Exercise directions - Transcribe the records word for word. Leave every picture out.

Stored entries:
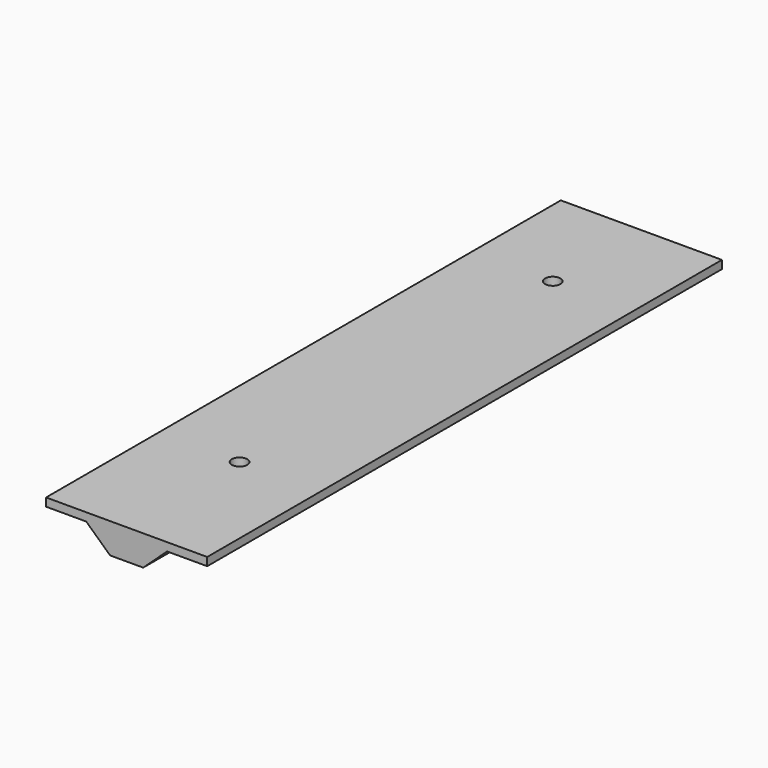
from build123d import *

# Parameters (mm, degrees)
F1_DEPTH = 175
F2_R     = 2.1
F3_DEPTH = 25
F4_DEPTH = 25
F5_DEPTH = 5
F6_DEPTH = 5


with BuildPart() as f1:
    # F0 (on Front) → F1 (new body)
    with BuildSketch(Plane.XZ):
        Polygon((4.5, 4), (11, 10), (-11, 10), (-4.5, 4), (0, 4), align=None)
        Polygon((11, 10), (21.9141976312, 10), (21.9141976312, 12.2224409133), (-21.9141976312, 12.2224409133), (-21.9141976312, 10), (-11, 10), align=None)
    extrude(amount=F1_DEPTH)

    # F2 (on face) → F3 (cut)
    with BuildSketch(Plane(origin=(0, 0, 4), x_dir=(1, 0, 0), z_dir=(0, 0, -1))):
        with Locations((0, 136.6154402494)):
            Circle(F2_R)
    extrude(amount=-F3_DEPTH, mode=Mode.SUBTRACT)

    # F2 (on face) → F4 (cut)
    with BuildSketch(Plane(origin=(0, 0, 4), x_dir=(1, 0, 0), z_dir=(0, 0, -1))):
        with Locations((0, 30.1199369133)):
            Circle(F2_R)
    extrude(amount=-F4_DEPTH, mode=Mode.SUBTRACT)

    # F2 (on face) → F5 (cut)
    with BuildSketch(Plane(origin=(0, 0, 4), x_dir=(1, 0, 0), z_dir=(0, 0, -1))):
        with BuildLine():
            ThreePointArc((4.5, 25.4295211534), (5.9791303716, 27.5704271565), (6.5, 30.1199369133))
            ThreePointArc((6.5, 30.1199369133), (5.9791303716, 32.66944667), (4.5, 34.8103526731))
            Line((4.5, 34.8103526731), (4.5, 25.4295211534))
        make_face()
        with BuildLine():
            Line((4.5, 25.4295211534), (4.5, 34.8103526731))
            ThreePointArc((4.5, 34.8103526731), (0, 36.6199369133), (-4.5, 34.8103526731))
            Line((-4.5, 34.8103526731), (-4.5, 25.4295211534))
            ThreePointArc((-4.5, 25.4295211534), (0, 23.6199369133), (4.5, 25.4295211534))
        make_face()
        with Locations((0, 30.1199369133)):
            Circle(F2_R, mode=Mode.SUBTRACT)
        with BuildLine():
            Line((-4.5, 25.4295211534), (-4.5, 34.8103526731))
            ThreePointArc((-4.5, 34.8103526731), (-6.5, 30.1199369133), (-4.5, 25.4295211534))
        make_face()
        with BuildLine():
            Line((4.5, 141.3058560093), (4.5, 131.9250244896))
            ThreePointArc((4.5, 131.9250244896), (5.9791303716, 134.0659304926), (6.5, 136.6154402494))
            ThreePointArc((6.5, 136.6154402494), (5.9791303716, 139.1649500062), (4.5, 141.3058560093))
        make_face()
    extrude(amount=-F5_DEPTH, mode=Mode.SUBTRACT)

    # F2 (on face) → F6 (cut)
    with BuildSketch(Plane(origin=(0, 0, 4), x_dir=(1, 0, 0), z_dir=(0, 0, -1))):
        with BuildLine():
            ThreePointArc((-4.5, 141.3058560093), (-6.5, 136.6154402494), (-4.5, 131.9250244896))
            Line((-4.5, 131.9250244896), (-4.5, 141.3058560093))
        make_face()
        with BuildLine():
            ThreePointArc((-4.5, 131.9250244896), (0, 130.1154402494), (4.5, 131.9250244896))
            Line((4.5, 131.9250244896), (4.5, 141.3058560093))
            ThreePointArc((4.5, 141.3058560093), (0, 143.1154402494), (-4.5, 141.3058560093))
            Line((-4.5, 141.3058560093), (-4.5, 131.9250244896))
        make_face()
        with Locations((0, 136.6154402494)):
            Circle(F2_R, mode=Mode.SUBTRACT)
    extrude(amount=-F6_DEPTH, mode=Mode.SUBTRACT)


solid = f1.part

Task response -
from build123d import *

# Parameters (mm, degrees)
F1_DEPTH = 175
F2_R     = 2.1
F3_DEPTH = 25
F4_DEPTH = 25
F5_DEPTH = 5
F6_DEPTH = 5


with BuildPart() as f1:
    # F0 (on Front) → F1 (new body)
    with BuildSketch(Plane.XZ):
        Polygon((4.5, 4), (11, 10), (-11, 10), (-4.5, 4), (0, 4), align=None)
        Polygon((11, 10), (21.9141976312, 10), (21.9141976312, 12.2224409133), (-21.9141976312, 12.2224409133), (-21.9141976312, 10), (-11, 10), align=None)
    extrude(amount=F1_DEPTH)

    # F2 (on face) → F3 (cut)
    with BuildSketch(Plane(origin=(0, 0, 4), x_dir=(1, 0, 0), z_dir=(0, 0, -1))):
        with Locations((0, 136.6154402494)):
            Circle(F2_R)
    extrude(amount=-F3_DEPTH, mode=Mode.SUBTRACT)

    # F2 (on face) → F4 (cut)
    with BuildSketch(Plane(origin=(0, 0, 4), x_dir=(1, 0, 0), z_dir=(0, 0, -1))):
        with Locations((0, 30.1199369133)):
            Circle(F2_R)
    extrude(amount=-F4_DEPTH, mode=Mode.SUBTRACT)

    # F2 (on face) → F5 (cut)
    with BuildSketch(Plane(origin=(0, 0, 4), x_dir=(1, 0, 0), z_dir=(0, 0, -1))):
        with BuildLine():
            ThreePointArc((4.5, 25.4295211534), (5.9791303716, 27.5704271565), (6.5, 30.1199369133))
            ThreePointArc((6.5, 30.1199369133), (5.9791303716, 32.66944667), (4.5, 34.8103526731))
            Line((4.5, 34.8103526731), (4.5, 25.4295211534))
        make_face()
        with BuildLine():
            Line((4.5, 25.4295211534), (4.5, 34.8103526731))
            ThreePointArc((4.5, 34.8103526731), (0, 36.6199369133), (-4.5, 34.8103526731))
            Line((-4.5, 34.8103526731), (-4.5, 25.4295211534))
            ThreePointArc((-4.5, 25.4295211534), (0, 23.6199369133), (4.5, 25.4295211534))
        make_face()
        with Locations((0, 30.1199369133)):
            Circle(F2_R, mode=Mode.SUBTRACT)
        with BuildLine():
            Line((-4.5, 25.4295211534), (-4.5, 34.8103526731))
            ThreePointArc((-4.5, 34.8103526731), (-6.5, 30.1199369133), (-4.5, 25.4295211534))
        make_face()
        with BuildLine():
            Line((4.5, 141.3058560093), (4.5, 131.9250244896))
            ThreePointArc((4.5, 131.9250244896), (5.9791303716, 134.0659304926), (6.5, 136.6154402494))
            ThreePointArc((6.5, 136.6154402494), (5.9791303716, 139.1649500062), (4.5, 141.3058560093))
        make_face()
    extrude(amount=-F5_DEPTH, mode=Mode.SUBTRACT)

    # F2 (on face) → F6 (cut)
    with BuildSketch(Plane(origin=(0, 0, 4), x_dir=(1, 0, 0), z_dir=(0, 0, -1))):
        with BuildLine():
            ThreePointArc((-4.5, 141.3058560093), (-6.5, 136.6154402494), (-4.5, 131.9250244896))
            Line((-4.5, 131.9250244896), (-4.5, 141.3058560093))
        make_face()
        with BuildLine():
            ThreePointArc((-4.5, 131.9250244896), (0, 130.1154402494), (4.5, 131.9250244896))
            Line((4.5, 131.9250244896), (4.5, 141.3058560093))
            ThreePointArc((4.5, 141.3058560093), (0, 143.1154402494), (-4.5, 141.3058560093))
            Line((-4.5, 141.3058560093), (-4.5, 131.9250244896))
        make_face()
        with Locations((0, 136.6154402494)):
            Circle(F2_R, mode=Mode.SUBTRACT)
    extrude(amount=-F6_DEPTH, mode=Mode.SUBTRACT)


solid = f1.part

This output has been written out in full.